As shown in Figure 1, we introduce a Layer Relevance Weight Learning component. It aims at learning iteratively fuzzy relevance weights for the network layers. For this purpose, we define the distance $d_{jk}^{\ell }$ between the input vector and its mapped vector $x_j^{\ell }$ at layer $\ell$. The distance $d_{jk}^{\ell }$ represents the degree to which two instances $x_j$ and $x_k$ are related according to their representations at layer $\ell$. This distance is obtained using the Euclidian distance as follows:

$$d_{jk}^{\ell }={\Vert x_j^{\ell }-x_k^{\ell }\Vert }_2$$

(7)

We also define the membership coefficient ${\gamma }_{ij}$ as

$$\{\begin{array}{c}{\gamma }_{ij}=1, if j\in c_i\\ {\gamma }_{ij}=0, if j\notin c_i\end{array}$$

(8)

Note that each input instance $x_j$ belongs to a given class $c_i$.

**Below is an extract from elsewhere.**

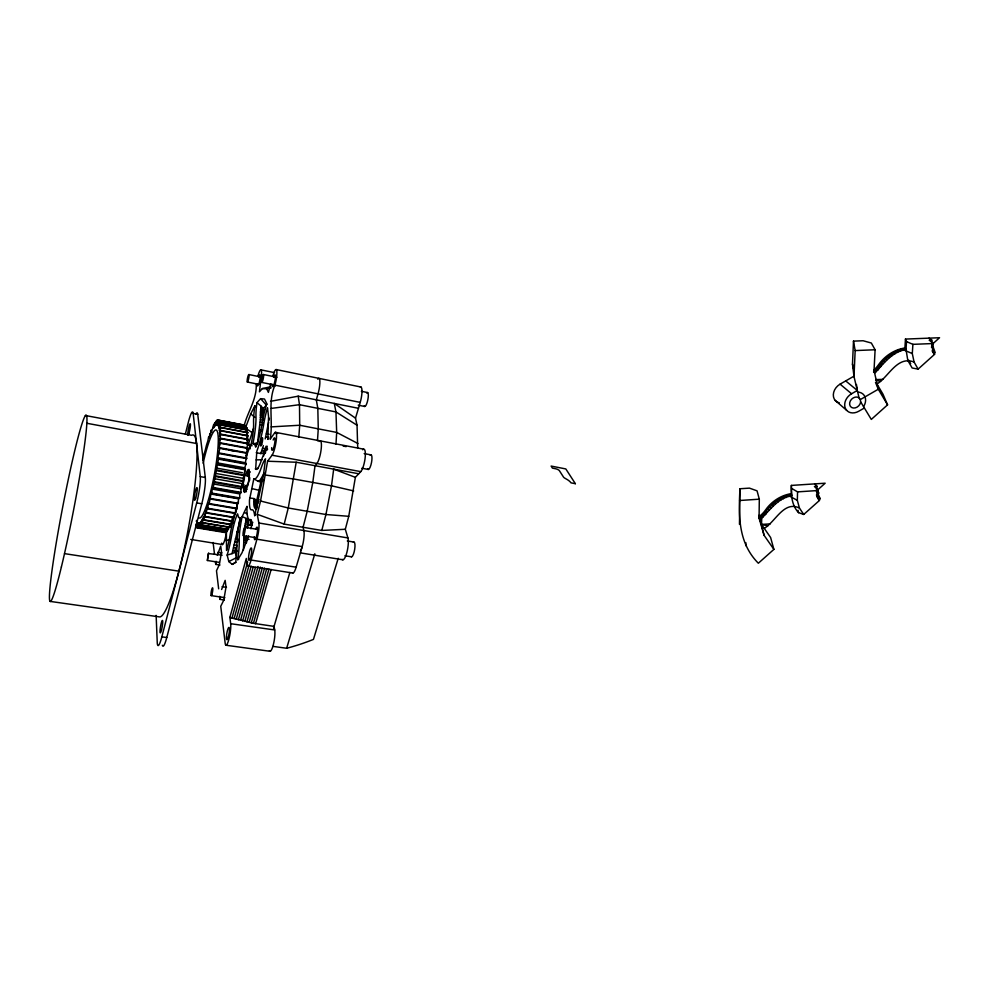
<?xml version="1.0" encoding="UTF-8"?>
<svg xmlns="http://www.w3.org/2000/svg" width="989" height="989" viewBox="0 0 989 989"><rect width="100%" height="100%" fill="white"/><g stroke="black" fill="none" stroke-linecap="round" stroke-linejoin="round"><path stroke-width="1.48" d="M209.136 504.106L210.929 494.043L238.485 498.802L238.3 503.253L237.212 503.488L236.73 508.803L209.136 504.106L208.419 503.191L207.739 508.779L235.271 513.439L235.901 507.876L236.73 508.803M739.463 524.368L739.957 488.751L749.464 488.133L757.055 490.841L759.305 499.185L759.07 518.211L764.089 535.321L773.893 549.377L758.34 563.236C737.979 542.701 738.56 515.442 739.957 488.751M228.916 526.939L228.286 529.572L201.101 525.072L201.224 521.042L199.963 526.692L227.05 531.142L227.705 528.645M260.614 398.654L266.4 405.156L263.309 408.408L263.025 420.201L260.354 419.682L260.873 405.972L257.016 402.597L260.614 398.654L264.471 399.012L267.215 404.414L266.461 404.402L265.695 407.097A34.788 6.354 -78.9 0 0 262.369 421.771L261.467 426.939A23.736 4.166 -79 0 1 256.324 445.779L255.718 447.164L254.569 444.172L252.924 443.727L253.357 441.539A32.414 5.551 -79.1 0 0 256.015 417.766L255.953 414.515A23.835 4.179 -78.8 0 1 256.806 403.969L257.016 402.597M277.575 433.553L274.608 432.997L270.145 439.227C273.471 421.116 267.463 402.424 274.954 385.141A11.497 2.077 -78.6 0 0 276.685 370.356A11.497 2.077 -78.6 0 0 272.741 376.426M271.678 447.621L271.666 448.821A6.354 1.199 -79.1 0 0 273.52 448.116A6.354 1.199 -79.1 0 0 275.004 439.289A6.354 1.199 -79.1 0 0 273.149 440.043M273.656 377.118A6.082 1.1 -78.6 0 1 275.387 377.798A6.082 1.1 -78.6 0 1 272.828 386.674L272.247 384.362M210.929 494.043L211.881 493.734L212.141 489.085L213.204 488.158C214.774 478.083 216.542 468.427 218.618 458.537L217.877 457.734L219.917 447.782L247.386 452.851L245.346 462.741L217.877 457.734M263.704 455.867L263.766 451.8L266.14 446.163M228.286 526.42L228.286 529.572M246.582 448.932L247.967 443.381L220.634 438.275L219.484 439.895L220.782 434.146L248.029 439.264L246.99 443.987M246.582 535.84L246.521 542.813L243.751 542.368L243.838 535.383M267.215 446.212L266.807 449.278A35.567 6.614 -79.4 0 0 262.073 458.414L260.663 462.358A24.379 4.389 -79.1 0 1 255.657 469.219L256.819 451.219A33.255 5.835 -79 0 0 263.284 426.692L264.187 421.512A24.886 4.549 -78.9 0 1 266.585 410.954L267.512 407.752L268.551 416.641L267.858 438.918M227.05 531.142L227.087 529.325M243.751 542.368L243.368 550.292M249.599 497.986L254.086 498.567L254.494 507.295L257.288 507.777L256.806 500.137L260.898 481.767L262.814 480.889L260.02 480.394L258.055 481.272L253.814 478.824L249.488 499.977A24.7 4.488 -79.4 0 0 251.243 509.842L252.257 509.78A35.159 6.391 -79.9 0 1 254.618 515.393L255.496 515.281M819.461 500.446L818.892 499.853L820.165 498.716L817.73 493.214L817.841 489.914L816.284 490.012L817.619 497.64L819.461 500.446L803.736 514.465L798.506 512.636C791.657 505.305 790.928 494.821 791.385 485.414L825.16 483.213L817.594 489.975M791.385 485.414L791.707 495.848C777.391 497.924 769.937 510.794 760.059 519.46M803.736 514.465L799.446 508.062L797.332 500.36L797.554 491.879L791.88 488.554M248.313 476.105L245.606 475.61L247.88 469.787L249.043 469.392C250.093 477.019 248.672 485.945 244.543 492.473L243.702 491.199L243.887 484.449M238.485 498.802L239.684 497.937L239.709 493.882L212.141 489.085M237.311 502.338L236.581 509.446A33.416 5.823 -79.7 0 0 230.524 532.577L229.646 537.571A23.167 3.882 -79.7 0 1 226.889 549.303L226.543 550.44L226.37 530.364M246.113 454.742L246.063 456.374L251.305 443.48A23.143 3.956 -79.1 0 0 253.617 424.479L253.555 421.203A33.317 5.835 -78.8 0 1 254.754 406.504L254.853 405.861L255.446 406.726M814.652 483.893L817.025 486.304L816.939 488.937L818.892 493.35L817.31 491.743M773.893 549.377L770.616 537.522L761.518 524.417L761.753 518.224L760.665 516.975L759.058 518.149L760.145 519.398L764.089 535.321M199.963 526.692L200.223 522.279L199.012 527.619L199.308 522.971L198.06 528.089L198.48 523.119L197.12 527.928L197.775 522.736L196.477 527.261L226.024 532.057L196.403 527.149L197.17 521.809L195.822 525.802M252.924 443.727L257.511 443.023L260.354 419.682M859.07 397.912L854.001 376.562L852.481 364.113L853.495 341.131L863.1 340.748L871.334 343.022L875.104 349.76L874.029 370.467L878.319 389.233L887.566 404.847L871.297 419.423L860.628 401.781M854.001 376.562L855.164 350.588L853.495 341.131M247.386 452.851L246.31 453.246L247.757 447.93L220.349 442.837L219.274 443.863L220.634 438.275M357.709 448.091L357.041 425.221L355.508 418.149L360.219 402.387A11.262 2.695 -78.6 0 0 361.986 391.36A11.262 2.695 -78.6 0 0 360.28 387.008M335.976 444.308L336.68 432.416L335.963 411.943L334.294 403.438L355.508 418.149M249.587 480.444L249.76 477.699M245.556 485.686L245.297 489.79L247.176 489.283M932.85 351.243L932.157 350.774L933.888 353.877L935.223 352.677L933.01 346.607L933.27 343.022L931.7 343.084L932.85 351.243L934.568 354.346L918.113 369.12L912.13 367.982L907.815 360.441L906.011 349.525L904.898 348.041L905.454 339.079L939.55 337.731L932.775 343.826M905.454 339.079L906.517 341.613L906.011 349.525C892.103 351.725 883.795 363.495 874.882 372.94L873.559 371.901C882.608 362.172 891.299 350.242 905.603 348.326M244.79 471.246L244.258 479.504L241.848 488.343M918.113 369.12L914.083 362.023L912.303 353.58L912.896 344.345L906.517 341.613M317.469 440.773L318.273 428.843L317.815 408.333L316.319 399.828L318.025 393.857A11.373 2.398 -78.6 0 0 319.88 381.618A11.373 2.398 -78.6 0 0 317.692 379.133M931.601 342.973L931.799 340.105L928.943 338.151M298.802 437.212L299.704 425.245L299.494 404.699L298.183 396.193L270.529 401.311M219.917 447.782L218.94 448.202L220.349 442.837M250.155 525.419L250.674 519.645M235.11 514.577L236.482 508.779M234.492 512.908L233.824 517.655L206.33 513.031L205.885 510.954L204.958 516.839L232.378 521.426L233.157 516.604M256.25 384.449C256.781 399.482 247.72 411.721 244.085 425.826M342.219 559.403A11.819 2.93 -80.1 0 0 346.867 552.48A11.819 2.93 -80.1 0 0 347.905 537.942L345.309 529.276L348.746 516.307L355.372 477.328L360.75 471.629A11.757 2.942 -79.2 0 0 365.238 456.893A11.757 2.942 -79.2 0 0 362.691 449.785M245.284 425.381L218.606 420.288L217.951 425.579L219.311 421.166L246.076 426.284L245.828 428.732M244.345 529.857L246.298 518.421L242.181 516.604L247.027 506.294L246.978 508.049A34.603 6.293 -79.4 0 0 249.451 519.608L250.464 519.571A25.158 4.574 -79.9 0 1 252.121 523.663L250.872 528.806M213.303 483.942L240.883 488.776C243.677 482.669 242.973 475.672 245.396 469.231L244.679 467.809L246.199 463.557L245.346 462.741M206.33 513.031L207.146 507.27L207.739 508.779M358.723 473.768L296.206 462.234L288.256 508L284.177 524.096L321.796 530.438L345.309 529.276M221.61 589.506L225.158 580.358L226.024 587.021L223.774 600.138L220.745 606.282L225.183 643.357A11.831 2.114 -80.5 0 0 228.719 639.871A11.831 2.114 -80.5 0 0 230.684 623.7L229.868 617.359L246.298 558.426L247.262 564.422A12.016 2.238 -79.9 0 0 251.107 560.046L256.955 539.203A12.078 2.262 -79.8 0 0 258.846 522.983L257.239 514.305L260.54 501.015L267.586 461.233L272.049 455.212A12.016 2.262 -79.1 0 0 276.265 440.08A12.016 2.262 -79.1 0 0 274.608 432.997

In this paper, we introduce two approaches to learn fuzzy relevance weights with respect to each layer $\ell$. These weights reflect the contribution of each layer in the classification task. In fact, a small fuzzy weight indicates that the layer does not contribute sufficiently and therefore can be discarded. Alternatively, a large fuzzy weight indicates that the corresponding layer contributes heavily in the classification and therefore should be maintained. For this purpose, two approaches are proposed. The first ANNA approach is class independent. In other words, the fuzzy weights are learned globally for all classes, and they do not depend on the pre-defined classes. On the other hand, the second ANNA approach learns fuzzy weights with respect to the problem classes.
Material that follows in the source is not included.